There have been over 200 documented cases of jet engine power loss events during flight at high altitudes. It is recognized in the industry that supercooled liquid water does not exist in large quantities at these high altitudes and therefore it is expected that the events are due to the ingestion of ice particles. Icing research test facilities have been developed to emulate these high-altitude conditions while performing jet engine tests.
Calibration of the icing research facility is a critical component of accurate testing. That calibration, however, has been a laborious and expensive process. Manual measurements are time consuming and assume that cloud uniformity and density does not vary greatly between the periodic calibrations. Also, manual measurements can only be done when the facility is off-line.
In partnership with NASA, Plexar has developed a promising new optical tomography technology that is being used to acquire real-time in-situ icing cloud uniformity and density measurements in the NASA icing research facilities.
Our optical calibration technology provides the means to make these measurements in-situ in real-time and minimize the need for these manual measurements. This technology uses the principle of light extinction to collect measurements about the spray density in a test facility. The measurements are then combined using tomographic reconstruction to produce temporal images that represent the ice cloud density and its variation over time.

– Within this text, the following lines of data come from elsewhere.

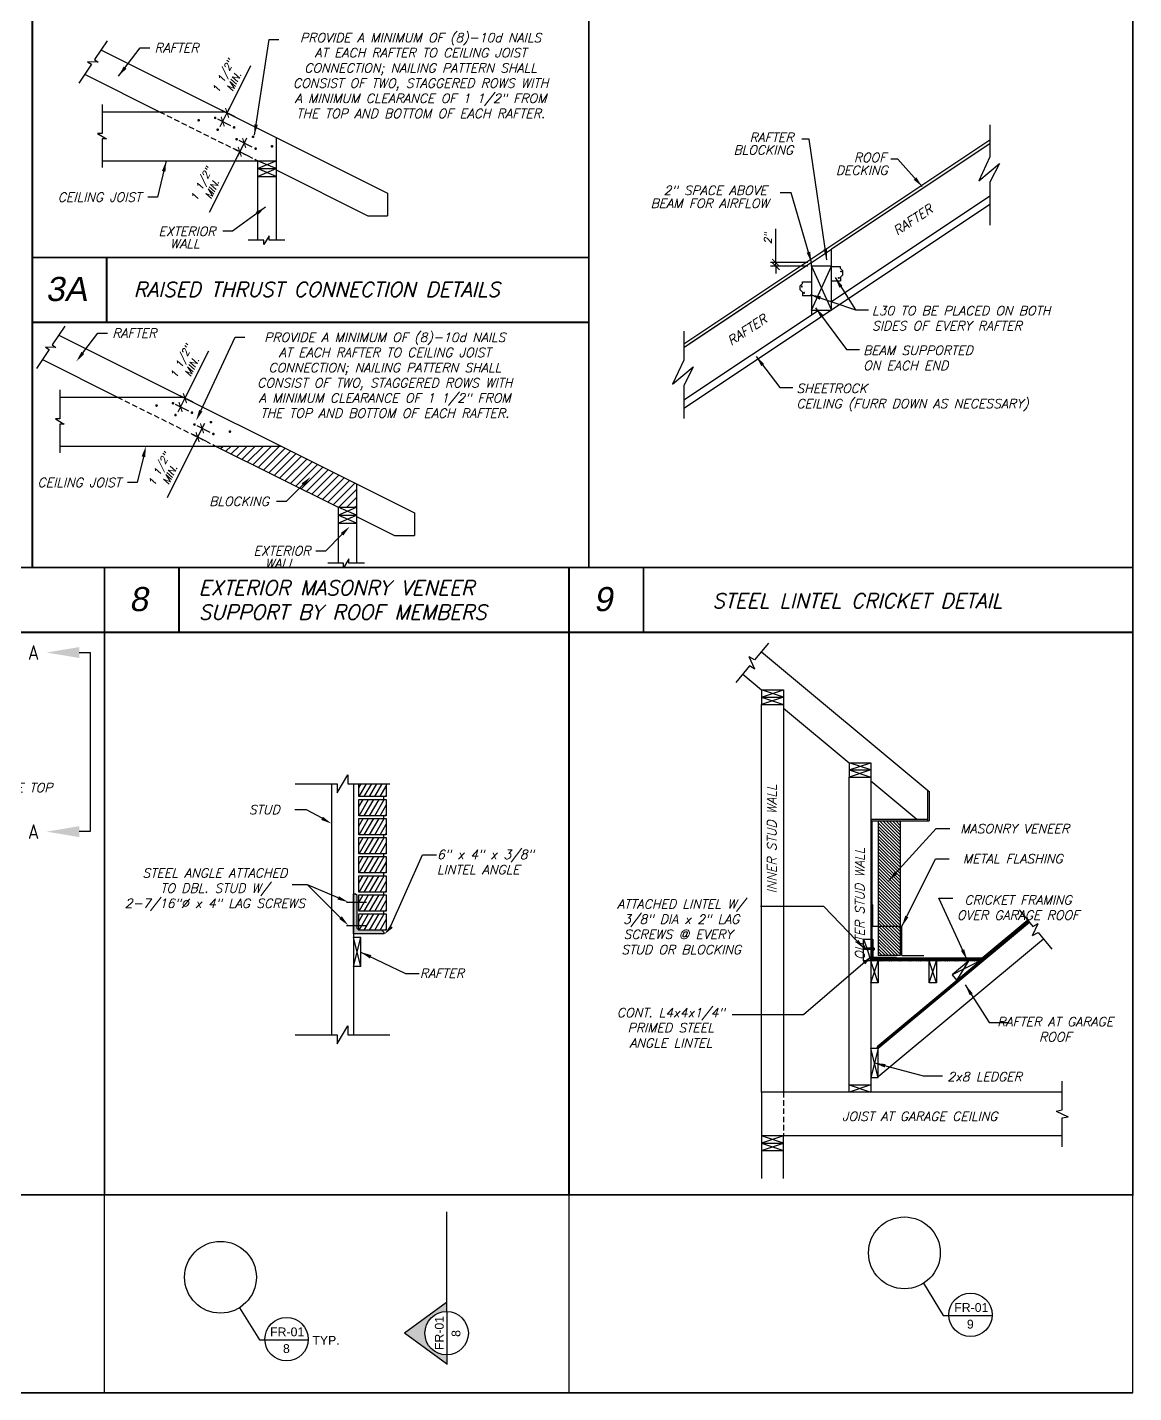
# Model space of a CAD drawing. Header units: inches. Extents: x 683 to 9753, y -6805 to 20230.
# Drawn here: x 3925 to 4532, y 628 to 1377 of the extents above; entities that cross this region are included whole.
import ezdxf
from ezdxf.enums import TextEntityAlignment as Align

# ---------------------------------------------------------------- set-up
doc = ezdxf.new("R2010")
doc.units = ezdxf.units.IN
doc.header["$LTSCALE"] = 48
doc.header["$MEASUREMENT"] = 0
doc.linetypes.add('HIDDEN4', pattern=[0.09375, 0.0625, -0.03125])
doc.layers.get('Defpoints').update_dxf_attribs({"color": 251})
for name, color, linetype in [('DPIS-BL', 9, 'Continuous'), ('DPIS-DIM', 7, 'Continuous'), ('DPIS-HATCH', 251, 'Continuous'), ('DPIS-RAFTERS', 1, 'Continuous'), ('DPIS-TEXT', 7, 'Continuous'), ('FPTEXT', 2, 'Continuous')]:
    doc.layers.add(name, color=color, linetype=linetype)
doc.styles.add('DIMLETTERS', font='arial.ttf', dxfattribs={"height": 12})
doc.styles.add('DPIS-ARCHTXT', font='ARCHITXT.shx')
doc.styles.add('SHEETNAME', font='arial.ttf', dxfattribs={"height": 4})
doc.styles.add('SIMPLEX', font='simplex.shx', dxfattribs={"oblique": 15, "height": 4})
doc.styles.get("Standard").update_dxf_attribs({"font": 'simplex.shx', "oblique": 15})
doc.dimstyles.get("Standard").update_dxf_attribs({"dimtxt": 4, "dimasz": 4, "dimexe": 3, "dimexo": 2, "dimgap": 2, "dimtad": 1, "dimdec": 4, "dimrnd": 0.125, "dimzin": 3, "dimdsep": 46, "dimlunit": 4, "dimtxsty": 'SIMPLEX', "dimblk": 'ARCHTICK', "dimcen": 3, "dimdle": 3, "dimclrd": 2, "dimclre": 2, "dimadec": 0, "dimazin": 0, "dimtfac": 1, "dimtdec": 4, "dimtofl": 0, "dimtmove": 1, "dimatfit": 3, "dimfxl": 1, "dimtolj": 1, "dimtzin": 0, "dimarcsym": 0})
pattern_1 = [(45, (-2931.96715, 1146.063424), (-0.0441941738, 0.0441941738), []), (135, (-2931.96715, 1146.063424), (-0.13258252147, 0.0441941738), [0.15625, -0.09375])]
pattern_2 = [(45, (-2931.96715, 1146.0634), (-0.530330086, 0.530330086), []), (45, (-2931.7904, 1146.0634), (-0.530330086, 0.530330086), []), (45, (-2931.6136, 1146.0634), (-0.530330086, 0.530330086), []), (45, (-2931.4368, 1146.0634), (-0.530330086, 0.530330086), [])]
pattern_3 = [(45, (-2931.96715, 1146.0634), (-0.530330086, 0.530330086), []), (45, (-2931.6136, 1146.0634), (-0.530330086, 0.530330086), [])]

# ---------------------------------------------------------------- blocks, each defined once
blk = doc.blocks.new('A$C16D2453F')
at = {"layer": 'DPIS-RAFTERS'}
for centre in [(-0.82, -6.15), (0.45, -2.65)]:
    blk.add_circle(centre, 0.241, dxfattribs=at)
at = {"layer": 'DPIS-TEXT'}
for p, q in [((0, 0), (-4.86, 0)), ((0, -1), (0, 0)), ((0, -1), (1.3, -2.3)), ((0, -5.8), (1.3, -4.5)), ((0, -5.8), (0, -7.8)), ((1.3, -4.5), (1.3, -2.3)), ((-4.86, -7.8), (0, -7.8))]:
    blk.add_line(p, q, dxfattribs=at)
blk = doc.blocks.new('_ArchTick')
at = {"color": 0, "const_width": 0.15}
blk.add_lwpolyline([(-0.5, -0.5), (0.5, 0.5)], dxfattribs=at)
blk = doc.blocks.new('*D81')
at = {"layer": 'Defpoints', "color": 0, "transparency": 16777216}
for p in [(4766.6, 908.08), (4770.44, 900.12), (4772.86, 904.95)]:
    blk.add_point(p, dxfattribs=at)
at = {"layer": 'DPIS-TEXT', "color": 2, "lineweight": -2, "transparency": 16777216}
for p, q in [((4779.51, 933.91), (4766.6, 908.08)), ((4762.84, 900.56), (4767.94, 910.76)), ((4771.07, 905.84), (4763.91, 909.42)), ((4768.65, 901.01), (4761.5, 904.59))]:
    blk.add_line(p, q, dxfattribs=at)
at = {"layer": 'DPIS-TEXT', "color": 2, "lineweight": -2, "transparency": 16777216, "xscale": 4, "yscale": 4, "zscale": 4}
for p, rotation in [((4766.6, 908.08), 63.43494882291446), ((4764.18, 903.25), 243.4349488229145)]:
    blk.add_blockref('_ArchTick', p, dxfattribs=dict(at, rotation=rotation))
at = {"layer": 'DPIS-TEXT', "color": 0, "transparency": 16777216, "insert": (4767.34, 926.81), "char_height": 4, "attachment_point": 5, "rotation": 63.43495, "style": 'SIMPLEX'}
blk.add_mtext('\\A1;1 1/2"\\PMIN.', dxfattribs=at)
blk = doc.blocks.new('*D82')
at = {"layer": 'Defpoints', "color": 0, "transparency": 16777216}
for p in [(4773.55, 886.71), (4782.23, 888.41), (4779.82, 883.58)]:
    blk.add_point(p, dxfattribs=at)
at = {"layer": 'DPIS-TEXT', "color": 2, "lineweight": -2, "transparency": 16777216}
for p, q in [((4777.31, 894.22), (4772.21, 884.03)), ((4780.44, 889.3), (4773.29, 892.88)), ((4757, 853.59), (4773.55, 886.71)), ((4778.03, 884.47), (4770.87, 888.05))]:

The optical calibration technology overcomes the limitations of manual measurements. Problems with the icing cloud geometry can be detected and corrected. Changes to the icing spray over time can be monitored and recorded.
The technology was developed at the NASA Glenn Research Center for both of the NASA icing research facilities: the Propulsion Systems Lab (PSL) and the Icing Research Tunnel (IRT). These installations are described in detail in two presentations made at the American Institute of Aeronautics and Astronautics annual conferences:
For the PSL installation, the wind tunnel is modified to include a Tomography Duct as shown in Figure 1 below.
Figure 1: Tomography Duct
The Tomography Duct consists of 60 equally spaced laser diodes with sheet generating optics and diffusing elements providing >300° coverage around the ring and 120 fiber optically coupled detection elements mounted every 3° around a 36” diameter ring. A cutaway view of the Tomography Duct is shown in Figure 2 below with all lasers turned on.
Figure 2: Cutaway view of Tomography Duct
It takes two measurement conditions to generate an image of the density and uniformity of the cloud: a reference condition when no cloud is present, and a second when the cloud is present. The data sets are reconstructed using tomographic algorithms related to, but distinct from those used in medical imaging. The reconstruction employs smooth basis functions as opposed to the sharper functions used in medical applications.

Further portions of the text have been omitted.